Gas hydrate formation during deep-water offshore drilling is a well-recognized operational hazard. Plugging the BOP stack, choke and kill lines with hydrates can cause a serious well control problem.
We conducted an up-to-date review of the drilling practices and mud formulations applied in deep water drilling as related to gas hydrates control and mitigation.
The review indicated that Salt/polymer mud systems are the most commonly used mud formulations in the Gulf of Mexico, North Sea and offshore Brazil. Drilling with these systems has been successfully achieved to water depths of up to 7500 ft (2287 m).
In the second part of this work, we measured the hydrate phase equilibrium of 25 drilling fluid formulations. The testing also included two new spotting fluids formulations. The testing results indicated that, on weight basis, NaCl is the best thermodynamic inhibitor among the salts tested in this work, which are NaBr, Na-Formate, KCl, and CaCl2. Although the high solubility of the Na-Formate makes it possible to increase the hydrate suppression beyond that of NaCl, the former is less effective on weight basis than NaCl.

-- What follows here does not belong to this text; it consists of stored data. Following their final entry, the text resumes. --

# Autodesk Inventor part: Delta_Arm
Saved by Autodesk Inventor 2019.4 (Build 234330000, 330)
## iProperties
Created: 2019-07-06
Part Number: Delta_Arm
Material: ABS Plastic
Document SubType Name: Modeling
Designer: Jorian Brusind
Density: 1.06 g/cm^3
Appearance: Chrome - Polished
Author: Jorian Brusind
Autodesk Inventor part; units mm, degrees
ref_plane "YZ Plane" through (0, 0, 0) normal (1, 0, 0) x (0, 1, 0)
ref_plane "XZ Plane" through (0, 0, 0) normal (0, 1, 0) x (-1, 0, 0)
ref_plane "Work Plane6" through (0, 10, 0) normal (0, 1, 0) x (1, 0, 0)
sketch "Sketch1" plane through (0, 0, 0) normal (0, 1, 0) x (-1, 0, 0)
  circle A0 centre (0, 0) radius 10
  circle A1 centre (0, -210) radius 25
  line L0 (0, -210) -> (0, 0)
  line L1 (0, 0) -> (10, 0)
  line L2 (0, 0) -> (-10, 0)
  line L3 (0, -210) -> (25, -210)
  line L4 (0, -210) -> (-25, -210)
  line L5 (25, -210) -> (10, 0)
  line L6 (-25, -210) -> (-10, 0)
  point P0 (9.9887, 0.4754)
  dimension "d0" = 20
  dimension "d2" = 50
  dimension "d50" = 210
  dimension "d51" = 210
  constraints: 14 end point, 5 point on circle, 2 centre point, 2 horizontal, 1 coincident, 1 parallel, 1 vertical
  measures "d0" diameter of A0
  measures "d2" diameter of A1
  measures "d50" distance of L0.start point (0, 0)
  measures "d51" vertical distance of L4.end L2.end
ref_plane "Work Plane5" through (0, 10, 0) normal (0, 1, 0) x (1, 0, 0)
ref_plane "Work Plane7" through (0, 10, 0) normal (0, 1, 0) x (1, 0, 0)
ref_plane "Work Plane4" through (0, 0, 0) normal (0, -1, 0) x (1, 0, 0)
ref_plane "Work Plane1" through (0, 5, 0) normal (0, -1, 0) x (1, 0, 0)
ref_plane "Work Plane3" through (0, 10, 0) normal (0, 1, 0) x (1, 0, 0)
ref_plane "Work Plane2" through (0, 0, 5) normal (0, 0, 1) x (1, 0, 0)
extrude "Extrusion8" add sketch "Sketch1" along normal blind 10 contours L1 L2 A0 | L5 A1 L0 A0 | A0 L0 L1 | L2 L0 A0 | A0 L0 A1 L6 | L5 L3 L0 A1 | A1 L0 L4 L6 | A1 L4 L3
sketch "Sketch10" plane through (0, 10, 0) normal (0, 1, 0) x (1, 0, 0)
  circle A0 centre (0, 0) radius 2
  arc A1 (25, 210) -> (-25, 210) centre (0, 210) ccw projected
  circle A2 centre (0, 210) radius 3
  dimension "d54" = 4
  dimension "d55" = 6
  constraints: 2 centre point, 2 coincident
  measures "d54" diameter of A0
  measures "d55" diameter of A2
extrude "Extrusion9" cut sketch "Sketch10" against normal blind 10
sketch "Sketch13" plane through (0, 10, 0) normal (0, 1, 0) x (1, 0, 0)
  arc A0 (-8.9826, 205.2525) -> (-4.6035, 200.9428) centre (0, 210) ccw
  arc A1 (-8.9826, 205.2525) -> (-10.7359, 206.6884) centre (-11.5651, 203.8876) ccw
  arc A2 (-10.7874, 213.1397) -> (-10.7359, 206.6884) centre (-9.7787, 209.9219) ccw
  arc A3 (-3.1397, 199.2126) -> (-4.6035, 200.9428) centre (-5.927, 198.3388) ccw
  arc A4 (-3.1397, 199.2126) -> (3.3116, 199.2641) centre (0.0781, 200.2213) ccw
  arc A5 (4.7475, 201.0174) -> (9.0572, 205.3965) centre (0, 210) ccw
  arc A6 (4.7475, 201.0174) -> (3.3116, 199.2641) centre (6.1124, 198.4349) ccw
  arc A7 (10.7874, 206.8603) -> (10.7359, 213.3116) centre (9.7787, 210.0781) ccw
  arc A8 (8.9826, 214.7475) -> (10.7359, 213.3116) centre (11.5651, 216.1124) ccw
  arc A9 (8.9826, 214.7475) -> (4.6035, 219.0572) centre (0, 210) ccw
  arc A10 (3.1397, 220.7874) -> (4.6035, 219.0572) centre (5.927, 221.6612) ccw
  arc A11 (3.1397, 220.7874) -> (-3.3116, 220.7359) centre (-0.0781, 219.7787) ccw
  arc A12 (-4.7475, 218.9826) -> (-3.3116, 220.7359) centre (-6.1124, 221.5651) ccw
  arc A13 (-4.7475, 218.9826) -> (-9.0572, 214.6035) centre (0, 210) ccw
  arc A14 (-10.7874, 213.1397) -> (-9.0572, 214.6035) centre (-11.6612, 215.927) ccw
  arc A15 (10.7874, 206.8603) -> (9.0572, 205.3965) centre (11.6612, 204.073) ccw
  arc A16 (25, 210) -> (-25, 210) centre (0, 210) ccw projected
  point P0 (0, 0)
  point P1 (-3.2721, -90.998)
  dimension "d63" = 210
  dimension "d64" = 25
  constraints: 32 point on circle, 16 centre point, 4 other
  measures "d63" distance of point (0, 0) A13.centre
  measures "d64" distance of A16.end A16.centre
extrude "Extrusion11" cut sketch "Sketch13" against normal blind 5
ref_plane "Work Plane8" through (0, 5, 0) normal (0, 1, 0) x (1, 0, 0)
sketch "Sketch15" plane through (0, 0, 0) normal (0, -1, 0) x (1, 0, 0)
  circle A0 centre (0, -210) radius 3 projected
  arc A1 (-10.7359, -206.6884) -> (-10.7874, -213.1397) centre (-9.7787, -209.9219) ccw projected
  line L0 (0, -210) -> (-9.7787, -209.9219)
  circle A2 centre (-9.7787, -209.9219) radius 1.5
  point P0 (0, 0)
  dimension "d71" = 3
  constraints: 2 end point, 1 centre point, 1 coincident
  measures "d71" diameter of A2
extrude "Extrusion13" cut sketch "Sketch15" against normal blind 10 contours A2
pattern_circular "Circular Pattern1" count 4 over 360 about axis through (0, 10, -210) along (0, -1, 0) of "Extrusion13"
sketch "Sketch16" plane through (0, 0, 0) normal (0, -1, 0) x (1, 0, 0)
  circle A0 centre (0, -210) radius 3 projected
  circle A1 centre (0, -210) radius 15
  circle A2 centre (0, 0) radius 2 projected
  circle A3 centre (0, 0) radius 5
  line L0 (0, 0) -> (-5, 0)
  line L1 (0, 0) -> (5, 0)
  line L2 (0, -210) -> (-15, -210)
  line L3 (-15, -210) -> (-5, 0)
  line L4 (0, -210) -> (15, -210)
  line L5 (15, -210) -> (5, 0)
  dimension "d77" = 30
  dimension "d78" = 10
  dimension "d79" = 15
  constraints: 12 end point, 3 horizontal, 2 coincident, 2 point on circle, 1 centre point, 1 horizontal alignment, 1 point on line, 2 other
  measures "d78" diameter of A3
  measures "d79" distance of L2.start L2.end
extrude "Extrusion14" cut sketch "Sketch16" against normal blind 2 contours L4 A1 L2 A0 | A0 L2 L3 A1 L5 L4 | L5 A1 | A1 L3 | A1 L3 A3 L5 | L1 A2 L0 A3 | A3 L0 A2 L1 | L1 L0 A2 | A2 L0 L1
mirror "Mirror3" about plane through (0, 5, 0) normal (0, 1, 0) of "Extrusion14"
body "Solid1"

The glycols are considerably less effective inhibitors, on weight basis, than the salts. However, greater degree of suppression can be achieved by using mixtures of salts and glycols. Among the tested glycols, ethylene glycol showed the best performance compared to AQUA-COLTMS, GEOMEGTM D207, and HF-100NTM.
Gas hydrate formation during deep-water offshore drilling and production is a well recognized operational hazard. In water depths greater than 1000 ft (300 m), the sea bed conditions of pressure and temperature become conducive to gas hydrate formation. In a well control situation, although the kick fluid leaves the formation at a high temperature, with an extended shut-in period it can cool to seabed temperature. With high enough hydrostatic pressure at the mudline, hydrates could form in the BOP stack, choke and kill lines, as have been observed in field operations
Record water depths are continuously being set by operators in search of promising reserves in deep waters. The first deep water well to be drilled in Norwegian deep water licenses will start in summer 1997. The extremely low mud line temperature of 28.4 to 30.2 F (−2.0 to −1.0 C) in this area brings the challenge of designing suitable drilling fluids that both prevent hydrate formation and meet other drilling requirements. The current practice in deepwater drilling is to suppress the hydrate formation temperature by using highly saline drilling fluids formulated from NaCl or other salts. This solution is applicable for the Gulf of Mexico, but insufficient for the conditions to be encountered in the Norwegian deep waters. At extreme water depths or extremely low mudline temperatures, this thermodynamic inhibition alone may not be sufficient to prevent hydrate formation. Instead, the use of kinetic inhibitors or crystal modifiers, in conjunction with thermodynamic inhibitors, may pave the way for successful operations in such an environment. The definition of kinetic inhibitors (to distinguish them from the classical thermodynamic inhibitors such as polar compounds and electrolytes) comes from the effect of the chemicals on the nucleation and growth of natural gas hydrates, both of which are time dependent and stochastic processes. The Impact of Drilling Fluid Ingredients and Additives on Hydrate Formation In a study of hydrate formation in drilling fluids, Guar et al. reported that salt and bentonite have the most significant impact on the hydrate phase equilibrium relative to any other mud component. This conclusion was based on a statistical analysis of 17 test runs performed at pressures below 1280 psia (8.83 MPa). The tested fluids contained variable amounts of bentonite, thinner, caustic, barite, salt, xanthan gum, partially hydrolyzed polyacrylamide (PHPA), oil, drill solids, and methanol.